**Your instructions:**
Reproduce exactly, and only, the lines below from the one containing "#147=DIRECTION('',(0.,0.,-1.));" through the one containing "#168=AXIS2_PLACEMENT_3D('',#165,#166,#167);".

Collection entries
· · · ·

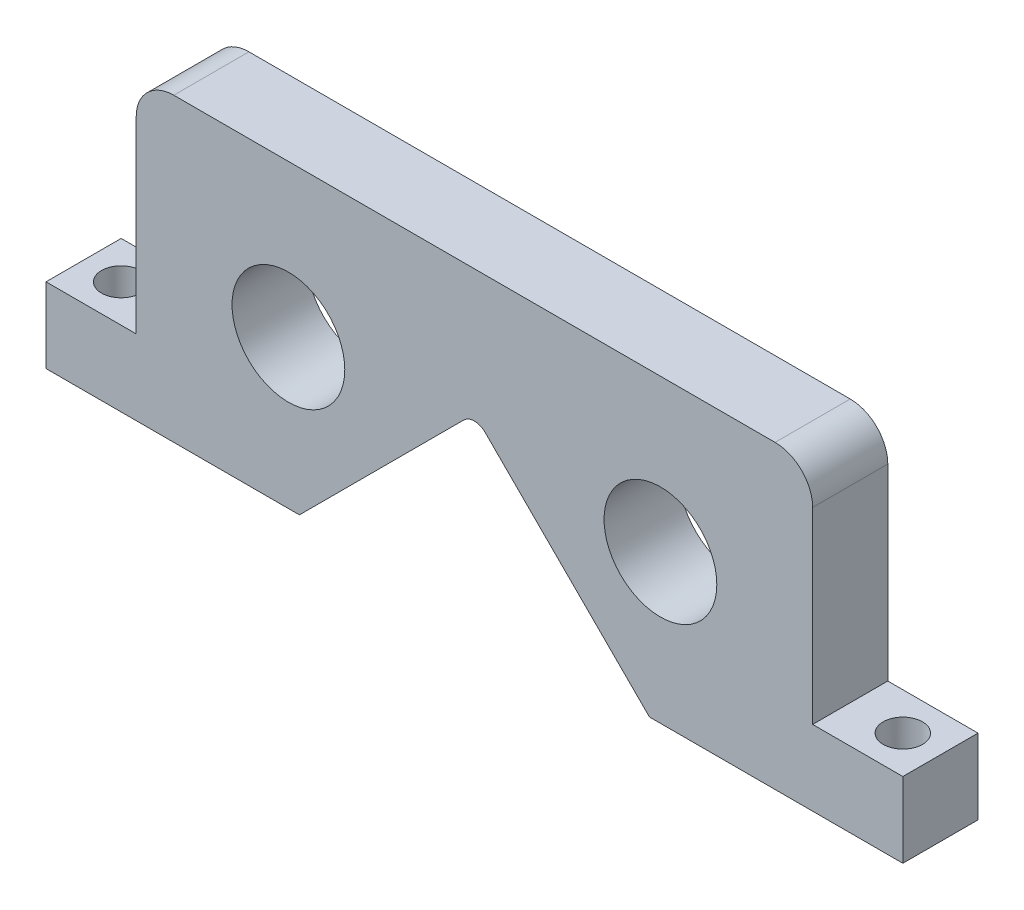
ISO-10303-21;
HEADER;
FILE_DESCRIPTION(('STEP AP214'),'2;1');
FILE_NAME('part.step','',(''),(''),'','','');
FILE_SCHEMA(('AUTOMOTIVE_DESIGN { 1 0 10303 214 1 1 1 1 }'));
ENDSEC;
DATA;
#1=APPLICATION_CONTEXT('core data for automotive mechanical design processes');
#2=APPLICATION_PROTOCOL_DEFINITION('international standard','automotive_design',2000,#1);
#3=PRODUCT_CONTEXT('',#1,'mechanical');
#4=PRODUCT('Part','Part','',(#3));
#5=PRODUCT_RELATED_PRODUCT_CATEGORY('part','',(#4));
#6=PRODUCT_DEFINITION_FORMATION('','',#4);
#7=PRODUCT_DEFINITION_CONTEXT('part definition',#1,'design');
#8=PRODUCT_DEFINITION('design','',#6,#7);
#9=PRODUCT_DEFINITION_SHAPE('','',#8);
#10=(LENGTH_UNIT() NAMED_UNIT(*) SI_UNIT(.MILLI.,.METRE.));
#11=(NAMED_UNIT(*) PLANE_ANGLE_UNIT() SI_UNIT($,.RADIAN.));
#12=(NAMED_UNIT(*) SI_UNIT($,.STERADIAN.) SOLID_ANGLE_UNIT());
#13=UNCERTAINTY_MEASURE_WITH_UNIT(LENGTH_MEASURE(1.E-05),#10,'distance_accuracy_value','');
#14=(GEOMETRIC_REPRESENTATION_CONTEXT(3) GLOBAL_UNCERTAINTY_ASSIGNED_CONTEXT((#13)) GLOBAL_UNIT_ASSIGNED_CONTEXT((#10,
#11,#12)) REPRESENTATION_CONTEXT('',''));
#15=CARTESIAN_POINT('',(0.,0.,0.));
#16=DIRECTION('',(0.,0.,1.));
#17=DIRECTION('',(1.,0.,0.));
#18=AXIS2_PLACEMENT_3D('',#15,#16,#17);
#19=CARTESIAN_POINT('',(0.,25.4558441227157,5.));
#20=DIRECTION('',(0.,0.,-1.));
#21=DIRECTION('',(-1.,0.,0.));
#22=AXIS2_PLACEMENT_3D('',#19,#20,#21);
#23=CYLINDRICAL_SURFACE('',#22,2.);
#24=CARTESIAN_POINT('',(0.,25.4558441227157,-5.));
#25=DIRECTION('',(0.,0.,1.));
#26=DIRECTION('',(1.,0.,0.));
#27=AXIS2_PLACEMENT_3D('',#24,#25,#26);
#28=CIRCLE('',#27,2.);
#29=CARTESIAN_POINT('',(1.41421356237311,26.8700576850888,-5.));
#30=VERTEX_POINT('',#29);
#31=CARTESIAN_POINT('',(-1.4142135623731,26.8700576850888,-5.));
#32=VERTEX_POINT('',#31);
#33=EDGE_CURVE('E184',#30,#32,#28,.T.);
#34=ORIENTED_EDGE('',*,*,#33,.F.);
#35=DIRECTION('',(0.,0.,-1.));
#36=VECTOR('',#35,1.);
#37=CARTESIAN_POINT('',(1.41421356237311,26.8700576850888,5.));
#38=LINE('',#37,#36);
#39=CARTESIAN_POINT('',(1.41421356237311,26.8700576850888,5.));
#40=VERTEX_POINT('',#39);
#41=EDGE_CURVE('E11',#40,#30,#38,.T.);
#42=ORIENTED_EDGE('',*,*,#41,.F.);
#43=CARTESIAN_POINT('',(0.,25.4558441227157,5.));
#44=DIRECTION('',(0.,0.,1.));
#45=DIRECTION('',(1.,0.,0.));
#46=AXIS2_PLACEMENT_3D('',#43,#44,#45);
#47=CIRCLE('',#46,2.);
#48=CARTESIAN_POINT('',(-1.4142135623731,26.8700576850888,5.));
#49=VERTEX_POINT('',#48);
#50=EDGE_CURVE('E176',#40,#49,#47,.T.);
#51=ORIENTED_EDGE('',*,*,#50,.T.);
#52=DIRECTION('',(0.,0.,-1.));
#53=VECTOR('',#52,1.);
#54=CARTESIAN_POINT('',(-1.4142135623731,26.8700576850888,5.));
#55=LINE('',#54,#53);
#56=EDGE_CURVE('E105',#49,#32,#55,.T.);
#57=ORIENTED_EDGE('',*,*,#56,.T.);
#58=EDGE_LOOP('',(#34,#42,#51,#57));
#59=FACE_BOUND('',#58,.T.);
#60=ADVANCED_FACE('F35',(#59),#23,.F.);
#61=CARTESIAN_POINT('',(14.142135623731,14.1421356237309,5.));
#62=DIRECTION('',(-0.707106781186548,-0.707106781186547,0.));
#63=DIRECTION('',(0.707106781186547,-0.707106781186548,0.));
#64=AXIS2_PLACEMENT_3D('',#61,#62,#63);
#65=PLANE('',#64);
#66=DIRECTION('',(-0.707106781186547,0.707106781186548,0.));
#67=VECTOR('',#66,1.);
#68=CARTESIAN_POINT('',(14.142135623731,14.1421356237309,-5.));
#69=LINE('',#68,#67);
#70=CARTESIAN_POINT('',(23.2842712474619,5.00000000000001,-5.));
#71=VERTEX_POINT('',#70);
#72=EDGE_CURVE('E218',#71,#30,#69,.T.);
#73=ORIENTED_EDGE('',*,*,#72,.F.);
#74=DIRECTION('',(0.,0.,-1.));
#75=VECTOR('',#74,1.);
#76=CARTESIAN_POINT('',(23.2842712474619,5.00000000000001,5.));
#77=LINE('',#76,#75);
#78=CARTESIAN_POINT('',(23.2842712474619,5.00000000000001,5.));
#79=VERTEX_POINT('',#78);
#80=EDGE_CURVE('E44',#79,#71,#77,.T.);
#81=ORIENTED_EDGE('',*,*,#80,.F.);
#82=DIRECTION('',(-0.707106781186547,0.707106781186548,0.));
#83=VECTOR('',#82,1.);
#84=CARTESIAN_POINT('',(14.142135623731,14.1421356237309,5.));
#85=LINE('',#84,#83);
#86=EDGE_CURVE('E168',#79,#40,#85,.T.);
#87=ORIENTED_EDGE('',*,*,#86,.T.);
#88=ORIENTED_EDGE('',*,*,#41,.T.);
#89=EDGE_LOOP('',(#73,#81,#87,#88));
#90=FACE_BOUND('',#89,.T.);
#91=ADVANCED_FACE('F209',(#90),#65,.T.);
#92=CARTESIAN_POINT('',(0.,5.00000000000001,5.));
#93=DIRECTION('',(0.,1.,0.));
#94=DIRECTION('',(0.,0.,1.));
#95=AXIS2_PLACEMENT_3D('',#92,#93,#94);
#96=PLANE('',#95);
#97=CARTESIAN_POINT('',(52.,5.00000000000001,0.));
#98=DIRECTION('',(0.,-1.,0.));
#99=DIRECTION('',(0.,0.,1.));
#100=AXIS2_PLACEMENT_3D('',#97,#98,#99);
#101=CIRCLE('',#100,2.61209519362042);
#102=CARTESIAN_POINT('',(52.,5.00000000000001,2.61209519362042));
#103=VERTEX_POINT('',#102);
#104=EDGE_CURVE('E188',#103,#103,#101,.T.);
#105=ORIENTED_EDGE('',*,*,#104,.F.);
#106=EDGE_LOOP('',(#105));
#107=FACE_BOUND('',#106,.T.);
#108=DIRECTION('',(1.,0.,0.));
#109=VECTOR('',#108,1.);
#110=CARTESIAN_POINT('',(0.,5.00000000000001,-5.));
#111=LINE('',#110,#109);
#112=CARTESIAN_POINT('',(57.,5.00000000000001,-5.));
#113=VERTEX_POINT('',#112);
#114=EDGE_CURVE('E225',#71,#113,#111,.T.);
#115=ORIENTED_EDGE('',*,*,#114,.T.);
#116=DIRECTION('',(0.,0.,-1.));
#117=VECTOR('',#116,1.);
#118=CARTESIAN_POINT('',(57.,5.00000000000001,5.));
#119=LINE('',#118,#117);
#120=CARTESIAN_POINT('',(57.,5.00000000000001,5.));
#121=VERTEX_POINT('',#120);
#122=EDGE_CURVE('E278',#121,#113,#119,.T.);
#123=ORIENTED_EDGE('',*,*,#122,.F.);
#124=DIRECTION('',(1.,0.,0.));
#125=VECTOR('',#124,1.);
#126=CARTESIAN_POINT('',(0.,5.00000000000001,5.));
#127=LINE('',#126,#125);
#128=EDGE_CURVE('E162',#79,#121,#127,.T.);
#129=ORIENTED_EDGE('',*,*,#128,.F.);
#130=ORIENTED_EDGE('',*,*,#80,.T.);
#131=EDGE_LOOP('',(#115,#123,#129,#130));
#132=FACE_BOUND('',#131,.T.);
#133=ADVANCED_FACE('F213',(#107,#132),#96,.F.);
#134=CARTESIAN_POINT('',(57.,0.,5.));
#135=DIRECTION('',(1.,0.,0.));
#136=DIRECTION('',(0.,0.,-1.));
#137=AXIS2_PLACEMENT_3D('',#134,#135,#136);
#138=PLANE('',#137);
#139=DIRECTION('',(0.,-1.,0.));
#140=VECTOR('',#139,1.);
#141=CARTESIAN_POINT('',(57.,0.,-5.));
#142=LINE('',#141,#140);
#143=CARTESIAN_POINT('',(57.,15.,-5.));
#144=VERTEX_POINT('',#143);
#145=EDGE_CURVE('E227',#144,#113,#142,.T.);
#146=ORIENTED_EDGE('',*,*,#145,.F.);
#147=DIRECTION('',(0.,0.,-1.));
#148=VECTOR('',#147,1.);
#149=CARTESIAN_POINT('',(57.,15.,5.));
#150=LINE('',#149,#148);
#151=CARTESIAN_POINT('',(57.,15.,5.));
#152=VERTEX_POINT('',#151);
#153=EDGE_CURVE('E276',#152,#144,#150,.T.);
#154=ORIENTED_EDGE('',*,*,#153,.F.);
#155=DIRECTION('',(0.,-1.,0.));
#156=VECTOR('',#155,1.);
#157=CARTESIAN_POINT('',(57.,0.,5.));
#158=LINE('',#157,#156);
#159=EDGE_CURVE('E167',#152,#121,#158,.T.);
#160=ORIENTED_EDGE('',*,*,#159,.T.);
#161=ORIENTED_EDGE('',*,*,#122,.T.);
#162=EDGE_LOOP('',(#146,#154,#160,#161));
#163=FACE_BOUND('',#162,.T.);
#164=ADVANCED_FACE('F283',(#163),#138,.T.);
#165=CARTESIAN_POINT('',(0.,15.,5.));
#166=DIRECTION('',(0.,-1.,0.));
#167=DIRECTION('',(1.,0.,0.));
#168=AXIS2_PLACEMENT_3D('',#165,#166,#167);
#169=PLANE('',#168);
#170=CARTESIAN_POINT('',(52.,15.,0.));
#171=DIRECTION('',(0.,-1.,0.));
#172=DIRECTION('',(1.,0.,0.));
#173=AXIS2_PLACEMENT_3D('',#170,#171,#172);
#174=CIRCLE('',#173,2.61209519362042);
#175=CARTESIAN_POINT('',(54.6120951936205,15.,0.));
#176=VERTEX_POINT('',#175);
#177=EDGE_CURVE('E38',#176,#176,#174,.T.);
#178=ORIENTED_EDGE('',*,*,#177,.T.);
#179=EDGE_LOOP('',(#178));
#180=FACE_BOUND('',#179,.T.);
#181=DIRECTION('',(-1.,0.,0.));
#182=VECTOR('',#181,1.);
#183=CARTESIAN_POINT('',(0.,15.,-5.));
#184=LINE('',#183,#182);
#185=CARTESIAN_POINT('',(45.,15.,-5.));
#186=VERTEX_POINT('',#185);
#187=EDGE_CURVE('E232',#144,#186,#184,.T.);
#188=ORIENTED_EDGE('',*,*,#187,.T.);
#189=DIRECTION('',(0.,0.,-1.));
#190=VECTOR('',#189,1.);
#191=CARTESIAN_POINT('',(45.,15.,5.));
#192=LINE('',#191,#190);
#193=CARTESIAN_POINT('',(45.,15.,5.));
#194=VERTEX_POINT('',#193);
#195=EDGE_CURVE('E273',#194,#186,#192,.T.);
#196=ORIENTED_EDGE('',*,*,#195,.F.);
#197=DIRECTION('',(-1.,0.,0.));
#198=VECTOR('',#197,1.);
#199=CARTESIAN_POINT('',(0.,15.,5.));
#200=LINE('',#199,#198);
#201=EDGE_CURVE('E174',#152,#194,#200,.T.);
#202=ORIENTED_EDGE('',*,*,#201,.F.);
#203=ORIENTED_EDGE('',*,*,#153,.T.);
#204=EDGE_LOOP('',(#188,#196,#202,#203));
#205=FACE_BOUND('',#204,.T.);
#206=ADVANCED_FACE('F195',(#180,#205),#169,.F.);
#207=CARTESIAN_POINT('',(45.,0.,5.));
#208=DIRECTION('',(-1.,0.,0.));
#209=DIRECTION('',(0.,-1.,0.));
#210=AXIS2_PLACEMENT_3D('',#207,#208,#209);
#211=PLANE('',#210);
#212=DIRECTION('',(0.,1.,0.));
#213=VECTOR('',#212,1.);
#214=CARTESIAN_POINT('',(45.,0.,-5.));
#215=LINE('',#214,#213);
#216=CARTESIAN_POINT('',(45.,40.,-5.));
#217=VERTEX_POINT('',#216);
#218=EDGE_CURVE('E234',#186,#217,#215,.T.);
#219=ORIENTED_EDGE('',*,*,#218,.T.);
#220=DIRECTION('',(0.,0.,-1.));
#221=VECTOR('',#220,1.);
#222=CARTESIAN_POINT('',(45.,40.,5.));
#223=LINE('',#222,#221);
#224=CARTESIAN_POINT('',(45.,40.,5.));
#225=VERTEX_POINT('',#224);
#226=EDGE_CURVE('E270',#225,#217,#223,.T.);
#227=ORIENTED_EDGE('',*,*,#226,.F.);
#228=DIRECTION('',(0.,1.,0.));
#229=VECTOR('',#228,1.);
#230=CARTESIAN_POINT('',(45.,0.,5.));
#231=LINE('',#230,#229);
#232=EDGE_CURVE('E287',#194,#225,#231,.T.);
#233=ORIENTED_EDGE('',*,*,#232,.F.);
#234=ORIENTED_EDGE('',*,*,#195,.T.);
#235=EDGE_LOOP('',(#219,#227,#233,#234));
#236=FACE_BOUND('',#235,.T.);
#237=ADVANCED_FACE('F293',(#236),#211,.F.);
#238=CARTESIAN_POINT('',(40.,40.,5.));
#239=DIRECTION('',(0.,0.,-1.));
#240=DIRECTION('',(-1.,0.,0.));
#241=AXIS2_PLACEMENT_3D('',#238,#239,#240);
#242=CYLINDRICAL_SURFACE('',#241,4.99999999999999);
#243=CARTESIAN_POINT('',(40.,40.,-5.));
#244=DIRECTION('',(0.,0.,1.));
#245=DIRECTION('',(1.,0.,0.));
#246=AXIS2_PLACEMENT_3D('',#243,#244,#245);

· · · ·

**Written answer:**
#147=DIRECTION('',(0.,0.,-1.));
#148=VECTOR('',#147,1.);
#149=CARTESIAN_POINT('',(57.,15.,5.));
#150=LINE('',#149,#148);
#151=CARTESIAN_POINT('',(57.,15.,5.));
#152=VERTEX_POINT('',#151);
#153=EDGE_CURVE('E276',#152,#144,#150,.T.);
#154=ORIENTED_EDGE('',*,*,#153,.F.);
#155=DIRECTION('',(0.,-1.,0.));
#156=VECTOR('',#155,1.);
#157=CARTESIAN_POINT('',(57.,0.,5.));
#158=LINE('',#157,#156);
#159=EDGE_CURVE('E167',#152,#121,#158,.T.);
#160=ORIENTED_EDGE('',*,*,#159,.T.);
#161=ORIENTED_EDGE('',*,*,#122,.T.);
#162=EDGE_LOOP('',(#146,#154,#160,#161));
#163=FACE_BOUND('',#162,.T.);
#164=ADVANCED_FACE('F283',(#163),#138,.T.);
#165=CARTESIAN_POINT('',(0.,15.,5.));
#166=DIRECTION('',(0.,-1.,0.));
#167=DIRECTION('',(1.,0.,0.));
#168=AXIS2_PLACEMENT_3D('',#165,#166,#167);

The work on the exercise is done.